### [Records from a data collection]
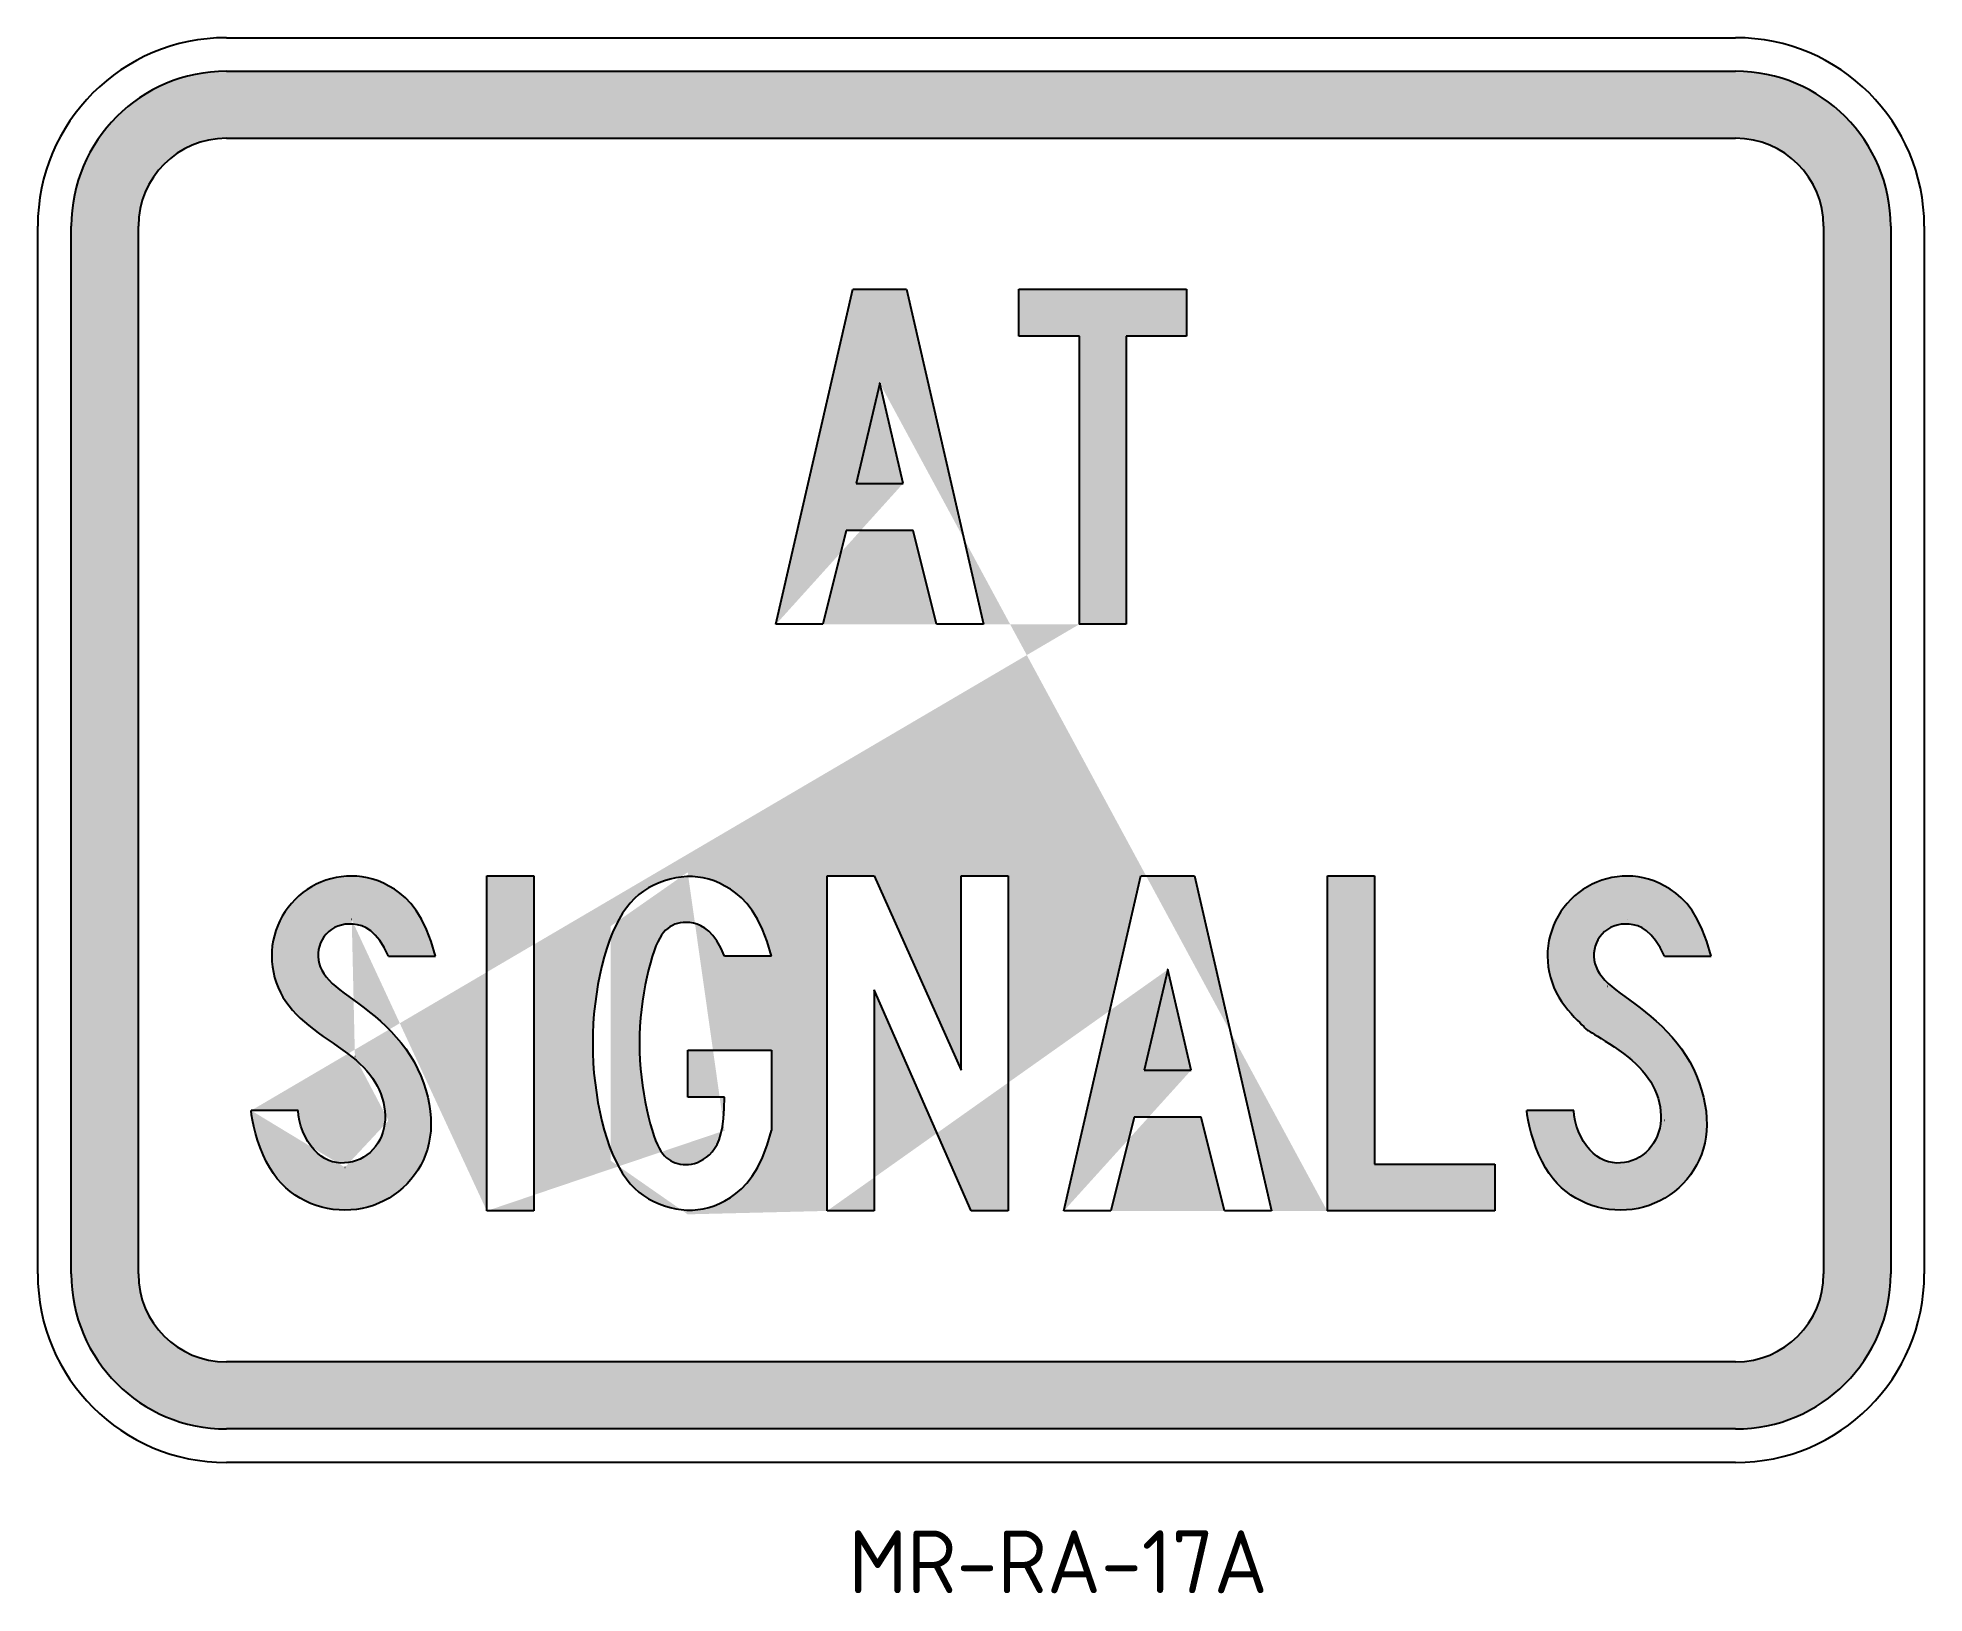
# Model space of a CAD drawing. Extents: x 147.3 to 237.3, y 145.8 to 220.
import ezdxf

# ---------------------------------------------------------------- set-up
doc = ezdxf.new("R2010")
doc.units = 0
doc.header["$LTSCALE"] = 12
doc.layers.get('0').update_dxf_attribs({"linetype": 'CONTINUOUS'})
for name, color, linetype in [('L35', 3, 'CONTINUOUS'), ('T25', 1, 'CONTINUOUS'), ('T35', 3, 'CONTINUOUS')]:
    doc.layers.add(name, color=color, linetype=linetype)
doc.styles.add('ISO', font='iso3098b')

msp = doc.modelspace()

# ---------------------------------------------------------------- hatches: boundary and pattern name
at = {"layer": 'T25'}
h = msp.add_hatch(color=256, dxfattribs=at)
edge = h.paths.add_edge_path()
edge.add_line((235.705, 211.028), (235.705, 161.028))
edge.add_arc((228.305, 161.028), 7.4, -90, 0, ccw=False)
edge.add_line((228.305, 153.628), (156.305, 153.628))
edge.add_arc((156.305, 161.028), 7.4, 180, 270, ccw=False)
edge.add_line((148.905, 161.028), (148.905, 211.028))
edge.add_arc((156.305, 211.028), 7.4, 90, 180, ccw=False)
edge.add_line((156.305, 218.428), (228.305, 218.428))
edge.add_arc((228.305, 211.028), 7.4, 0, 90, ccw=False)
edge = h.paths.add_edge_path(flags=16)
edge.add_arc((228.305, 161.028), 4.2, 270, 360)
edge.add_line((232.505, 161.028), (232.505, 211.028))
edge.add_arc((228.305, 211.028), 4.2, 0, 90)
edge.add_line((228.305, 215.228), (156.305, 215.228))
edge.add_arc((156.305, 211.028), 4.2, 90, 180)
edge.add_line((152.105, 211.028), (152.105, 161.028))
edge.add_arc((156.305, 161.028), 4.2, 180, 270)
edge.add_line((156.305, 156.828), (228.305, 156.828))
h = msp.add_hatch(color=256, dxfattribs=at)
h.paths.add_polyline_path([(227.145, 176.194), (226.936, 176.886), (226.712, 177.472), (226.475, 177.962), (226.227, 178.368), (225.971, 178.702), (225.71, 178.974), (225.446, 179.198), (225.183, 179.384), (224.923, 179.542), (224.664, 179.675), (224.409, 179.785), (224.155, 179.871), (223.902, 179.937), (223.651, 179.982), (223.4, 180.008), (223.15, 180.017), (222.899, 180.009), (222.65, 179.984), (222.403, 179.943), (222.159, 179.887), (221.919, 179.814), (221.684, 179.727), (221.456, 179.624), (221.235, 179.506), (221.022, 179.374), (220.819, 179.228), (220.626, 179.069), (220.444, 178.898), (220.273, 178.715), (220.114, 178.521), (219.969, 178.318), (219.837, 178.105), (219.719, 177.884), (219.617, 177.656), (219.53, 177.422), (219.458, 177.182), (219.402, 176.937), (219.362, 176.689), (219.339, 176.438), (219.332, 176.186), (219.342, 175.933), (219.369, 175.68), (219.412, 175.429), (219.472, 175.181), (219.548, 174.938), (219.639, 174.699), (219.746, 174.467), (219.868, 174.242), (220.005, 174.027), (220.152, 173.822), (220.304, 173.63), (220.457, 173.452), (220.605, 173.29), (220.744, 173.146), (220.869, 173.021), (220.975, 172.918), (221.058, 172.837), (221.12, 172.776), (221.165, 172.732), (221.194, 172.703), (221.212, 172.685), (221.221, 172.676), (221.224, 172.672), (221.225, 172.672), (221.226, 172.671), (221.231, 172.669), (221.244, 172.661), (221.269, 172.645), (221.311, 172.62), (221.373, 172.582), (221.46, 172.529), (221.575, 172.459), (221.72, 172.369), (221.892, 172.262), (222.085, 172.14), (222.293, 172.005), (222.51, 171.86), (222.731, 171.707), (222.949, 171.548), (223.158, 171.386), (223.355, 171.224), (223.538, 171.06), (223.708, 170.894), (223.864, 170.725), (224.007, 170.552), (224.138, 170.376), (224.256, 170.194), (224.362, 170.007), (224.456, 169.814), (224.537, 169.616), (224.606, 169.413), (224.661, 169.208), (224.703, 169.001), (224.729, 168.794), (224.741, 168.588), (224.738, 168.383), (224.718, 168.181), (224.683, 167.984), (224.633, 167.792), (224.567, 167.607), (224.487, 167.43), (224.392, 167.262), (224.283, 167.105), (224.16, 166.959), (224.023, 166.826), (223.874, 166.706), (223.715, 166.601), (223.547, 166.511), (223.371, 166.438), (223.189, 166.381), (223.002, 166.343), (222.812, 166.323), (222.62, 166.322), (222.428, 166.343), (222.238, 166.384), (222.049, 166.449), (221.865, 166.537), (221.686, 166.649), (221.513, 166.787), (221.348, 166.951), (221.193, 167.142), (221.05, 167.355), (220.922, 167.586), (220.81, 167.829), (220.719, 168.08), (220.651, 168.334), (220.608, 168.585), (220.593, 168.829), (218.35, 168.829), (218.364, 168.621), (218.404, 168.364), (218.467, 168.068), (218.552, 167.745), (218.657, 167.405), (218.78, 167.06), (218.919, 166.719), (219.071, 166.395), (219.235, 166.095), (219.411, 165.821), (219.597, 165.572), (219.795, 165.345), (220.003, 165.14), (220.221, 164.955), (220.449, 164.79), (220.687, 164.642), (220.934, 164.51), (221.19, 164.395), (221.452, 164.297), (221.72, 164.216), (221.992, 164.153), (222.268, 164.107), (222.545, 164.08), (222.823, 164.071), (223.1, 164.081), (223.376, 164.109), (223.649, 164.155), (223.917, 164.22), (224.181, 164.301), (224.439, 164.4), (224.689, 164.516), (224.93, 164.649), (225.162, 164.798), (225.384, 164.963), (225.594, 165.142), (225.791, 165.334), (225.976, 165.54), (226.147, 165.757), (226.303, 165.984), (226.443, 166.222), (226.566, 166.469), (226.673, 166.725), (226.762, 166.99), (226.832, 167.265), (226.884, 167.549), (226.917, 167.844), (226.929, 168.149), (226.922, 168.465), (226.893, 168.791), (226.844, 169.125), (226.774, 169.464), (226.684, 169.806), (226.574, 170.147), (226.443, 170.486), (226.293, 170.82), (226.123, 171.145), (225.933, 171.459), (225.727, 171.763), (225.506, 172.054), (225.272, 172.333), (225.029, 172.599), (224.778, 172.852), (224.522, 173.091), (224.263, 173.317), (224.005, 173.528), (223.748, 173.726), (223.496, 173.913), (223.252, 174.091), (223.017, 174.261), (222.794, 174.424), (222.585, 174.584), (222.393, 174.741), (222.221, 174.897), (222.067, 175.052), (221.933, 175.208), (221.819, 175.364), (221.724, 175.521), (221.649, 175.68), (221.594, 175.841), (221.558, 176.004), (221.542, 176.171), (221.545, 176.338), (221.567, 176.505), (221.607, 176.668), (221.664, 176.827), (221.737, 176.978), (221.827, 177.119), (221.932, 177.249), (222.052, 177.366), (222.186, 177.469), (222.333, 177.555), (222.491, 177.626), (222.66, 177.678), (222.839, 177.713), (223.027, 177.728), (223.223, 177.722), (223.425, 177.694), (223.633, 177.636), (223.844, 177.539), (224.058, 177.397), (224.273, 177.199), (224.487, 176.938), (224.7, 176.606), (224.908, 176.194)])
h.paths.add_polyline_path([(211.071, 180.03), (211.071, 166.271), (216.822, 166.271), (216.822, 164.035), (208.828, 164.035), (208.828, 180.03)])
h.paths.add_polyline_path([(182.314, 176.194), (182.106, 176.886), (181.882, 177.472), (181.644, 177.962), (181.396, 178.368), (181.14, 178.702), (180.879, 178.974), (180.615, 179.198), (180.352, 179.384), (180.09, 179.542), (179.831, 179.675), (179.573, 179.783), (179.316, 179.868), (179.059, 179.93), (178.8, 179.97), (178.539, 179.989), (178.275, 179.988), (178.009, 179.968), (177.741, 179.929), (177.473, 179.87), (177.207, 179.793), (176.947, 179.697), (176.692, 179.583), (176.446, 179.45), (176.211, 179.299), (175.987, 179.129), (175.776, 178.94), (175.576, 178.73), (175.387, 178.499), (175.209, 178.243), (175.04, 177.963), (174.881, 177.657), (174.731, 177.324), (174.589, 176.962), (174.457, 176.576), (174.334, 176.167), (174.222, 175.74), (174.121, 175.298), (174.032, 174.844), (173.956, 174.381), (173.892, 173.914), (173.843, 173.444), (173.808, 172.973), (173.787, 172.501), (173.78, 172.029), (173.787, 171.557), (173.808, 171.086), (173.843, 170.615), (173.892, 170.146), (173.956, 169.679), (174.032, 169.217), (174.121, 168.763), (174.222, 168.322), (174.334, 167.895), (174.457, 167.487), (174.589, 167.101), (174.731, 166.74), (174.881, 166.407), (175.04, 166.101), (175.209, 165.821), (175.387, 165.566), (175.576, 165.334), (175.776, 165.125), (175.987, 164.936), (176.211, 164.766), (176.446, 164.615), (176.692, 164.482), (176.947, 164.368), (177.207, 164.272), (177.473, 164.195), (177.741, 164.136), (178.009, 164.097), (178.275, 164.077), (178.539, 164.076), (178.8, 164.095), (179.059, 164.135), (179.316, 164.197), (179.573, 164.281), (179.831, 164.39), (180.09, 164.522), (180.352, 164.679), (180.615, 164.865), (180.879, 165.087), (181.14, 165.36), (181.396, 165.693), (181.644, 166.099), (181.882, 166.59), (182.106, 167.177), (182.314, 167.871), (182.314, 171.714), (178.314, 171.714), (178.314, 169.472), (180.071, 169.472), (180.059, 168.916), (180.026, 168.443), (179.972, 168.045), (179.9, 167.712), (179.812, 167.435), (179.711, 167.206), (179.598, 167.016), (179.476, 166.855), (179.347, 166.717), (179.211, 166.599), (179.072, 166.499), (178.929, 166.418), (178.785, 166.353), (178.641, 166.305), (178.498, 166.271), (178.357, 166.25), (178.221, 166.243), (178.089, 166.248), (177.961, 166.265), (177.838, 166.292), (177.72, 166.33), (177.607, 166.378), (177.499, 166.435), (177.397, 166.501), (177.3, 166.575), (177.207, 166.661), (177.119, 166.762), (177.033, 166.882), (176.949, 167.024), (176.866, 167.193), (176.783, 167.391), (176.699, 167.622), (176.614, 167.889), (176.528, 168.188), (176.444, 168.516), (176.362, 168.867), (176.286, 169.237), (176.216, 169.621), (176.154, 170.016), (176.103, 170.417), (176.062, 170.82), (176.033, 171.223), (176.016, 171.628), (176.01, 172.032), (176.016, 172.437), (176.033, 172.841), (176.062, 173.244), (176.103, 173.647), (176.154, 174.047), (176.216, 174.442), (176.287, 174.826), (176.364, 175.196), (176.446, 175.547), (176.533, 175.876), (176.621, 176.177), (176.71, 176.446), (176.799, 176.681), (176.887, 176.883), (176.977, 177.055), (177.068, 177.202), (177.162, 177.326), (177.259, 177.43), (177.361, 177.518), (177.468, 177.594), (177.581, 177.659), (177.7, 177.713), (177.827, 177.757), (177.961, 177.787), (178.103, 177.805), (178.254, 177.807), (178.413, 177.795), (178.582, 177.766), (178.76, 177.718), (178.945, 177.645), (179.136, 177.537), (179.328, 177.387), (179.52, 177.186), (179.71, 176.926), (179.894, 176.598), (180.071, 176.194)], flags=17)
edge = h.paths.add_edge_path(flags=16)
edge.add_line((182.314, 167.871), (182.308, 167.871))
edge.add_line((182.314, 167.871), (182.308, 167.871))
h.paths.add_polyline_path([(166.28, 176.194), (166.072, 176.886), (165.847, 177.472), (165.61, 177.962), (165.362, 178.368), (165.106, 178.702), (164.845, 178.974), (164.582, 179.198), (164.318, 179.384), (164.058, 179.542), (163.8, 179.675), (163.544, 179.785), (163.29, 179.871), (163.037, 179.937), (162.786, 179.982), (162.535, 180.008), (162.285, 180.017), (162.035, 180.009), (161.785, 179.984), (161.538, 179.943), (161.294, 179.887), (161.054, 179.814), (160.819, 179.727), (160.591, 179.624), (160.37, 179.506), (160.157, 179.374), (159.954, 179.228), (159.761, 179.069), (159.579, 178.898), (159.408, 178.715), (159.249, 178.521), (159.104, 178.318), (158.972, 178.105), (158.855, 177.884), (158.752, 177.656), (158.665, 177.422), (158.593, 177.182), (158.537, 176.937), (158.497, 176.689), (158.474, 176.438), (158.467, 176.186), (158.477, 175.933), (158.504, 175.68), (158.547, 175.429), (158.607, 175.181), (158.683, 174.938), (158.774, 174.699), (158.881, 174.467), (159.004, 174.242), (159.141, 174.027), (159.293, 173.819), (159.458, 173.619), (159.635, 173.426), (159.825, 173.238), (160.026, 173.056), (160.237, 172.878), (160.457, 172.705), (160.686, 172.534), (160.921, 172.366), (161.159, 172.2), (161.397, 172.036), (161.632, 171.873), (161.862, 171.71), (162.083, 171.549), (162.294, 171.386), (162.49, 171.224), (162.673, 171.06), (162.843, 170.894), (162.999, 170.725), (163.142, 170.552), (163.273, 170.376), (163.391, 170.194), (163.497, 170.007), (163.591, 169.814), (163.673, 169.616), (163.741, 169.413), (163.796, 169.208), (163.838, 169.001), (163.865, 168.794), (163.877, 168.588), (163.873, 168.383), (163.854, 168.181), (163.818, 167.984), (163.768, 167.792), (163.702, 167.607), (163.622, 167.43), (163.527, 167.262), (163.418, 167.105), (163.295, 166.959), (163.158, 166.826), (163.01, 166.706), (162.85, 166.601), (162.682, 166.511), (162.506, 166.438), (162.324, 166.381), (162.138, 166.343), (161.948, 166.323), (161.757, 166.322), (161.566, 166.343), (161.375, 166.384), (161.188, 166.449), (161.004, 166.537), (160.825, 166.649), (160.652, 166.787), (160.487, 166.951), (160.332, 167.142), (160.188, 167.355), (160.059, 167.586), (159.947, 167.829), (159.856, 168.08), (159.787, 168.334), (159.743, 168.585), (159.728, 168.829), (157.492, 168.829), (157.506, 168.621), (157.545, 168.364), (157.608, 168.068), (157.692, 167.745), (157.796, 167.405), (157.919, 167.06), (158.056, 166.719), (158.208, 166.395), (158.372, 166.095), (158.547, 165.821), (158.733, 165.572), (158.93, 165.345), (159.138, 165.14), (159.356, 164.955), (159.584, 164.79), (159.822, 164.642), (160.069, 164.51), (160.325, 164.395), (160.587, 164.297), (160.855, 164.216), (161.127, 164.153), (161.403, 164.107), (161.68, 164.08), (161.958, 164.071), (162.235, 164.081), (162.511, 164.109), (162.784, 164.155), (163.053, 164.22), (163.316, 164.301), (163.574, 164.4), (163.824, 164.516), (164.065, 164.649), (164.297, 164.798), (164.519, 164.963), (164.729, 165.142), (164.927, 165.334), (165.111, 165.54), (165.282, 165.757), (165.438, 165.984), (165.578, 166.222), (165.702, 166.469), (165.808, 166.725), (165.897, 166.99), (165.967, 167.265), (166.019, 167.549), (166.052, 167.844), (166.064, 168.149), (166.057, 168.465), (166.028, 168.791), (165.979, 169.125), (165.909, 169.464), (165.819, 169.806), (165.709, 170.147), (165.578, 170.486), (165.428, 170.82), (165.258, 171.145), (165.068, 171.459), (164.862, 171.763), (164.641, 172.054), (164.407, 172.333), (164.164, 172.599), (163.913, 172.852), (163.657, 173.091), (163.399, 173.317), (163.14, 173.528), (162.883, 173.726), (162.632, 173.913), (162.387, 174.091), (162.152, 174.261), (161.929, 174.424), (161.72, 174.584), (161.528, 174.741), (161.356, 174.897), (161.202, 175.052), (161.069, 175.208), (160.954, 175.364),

### [The problem]
From the entries above, return exactly the line containing "msp = doc.modelspace()", the line containing "edge.add_arc((156.305, 211.028), 4.2, 90, 180)", and all lines between, and nothing else.

### [Result of this exercise]
msp = doc.modelspace()

# ---------------------------------------------------------------- hatches: boundary and pattern name
at = {"layer": 'T25'}
h = msp.add_hatch(color=256, dxfattribs=at)
edge = h.paths.add_edge_path()
edge.add_line((235.705, 211.028), (235.705, 161.028))
edge.add_arc((228.305, 161.028), 7.4, -90, 0, ccw=False)
edge.add_line((228.305, 153.628), (156.305, 153.628))
edge.add_arc((156.305, 161.028), 7.4, 180, 270, ccw=False)
edge.add_line((148.905, 161.028), (148.905, 211.028))
edge.add_arc((156.305, 211.028), 7.4, 90, 180, ccw=False)
edge.add_line((156.305, 218.428), (228.305, 218.428))
edge.add_arc((228.305, 211.028), 7.4, 0, 90, ccw=False)
edge = h.paths.add_edge_path(flags=16)
edge.add_arc((228.305, 161.028), 4.2, 270, 360)
edge.add_line((232.505, 161.028), (232.505, 211.028))
edge.add_arc((228.305, 211.028), 4.2, 0, 90)
edge.add_line((228.305, 215.228), (156.305, 215.228))
edge.add_arc((156.305, 211.028), 4.2, 90, 180)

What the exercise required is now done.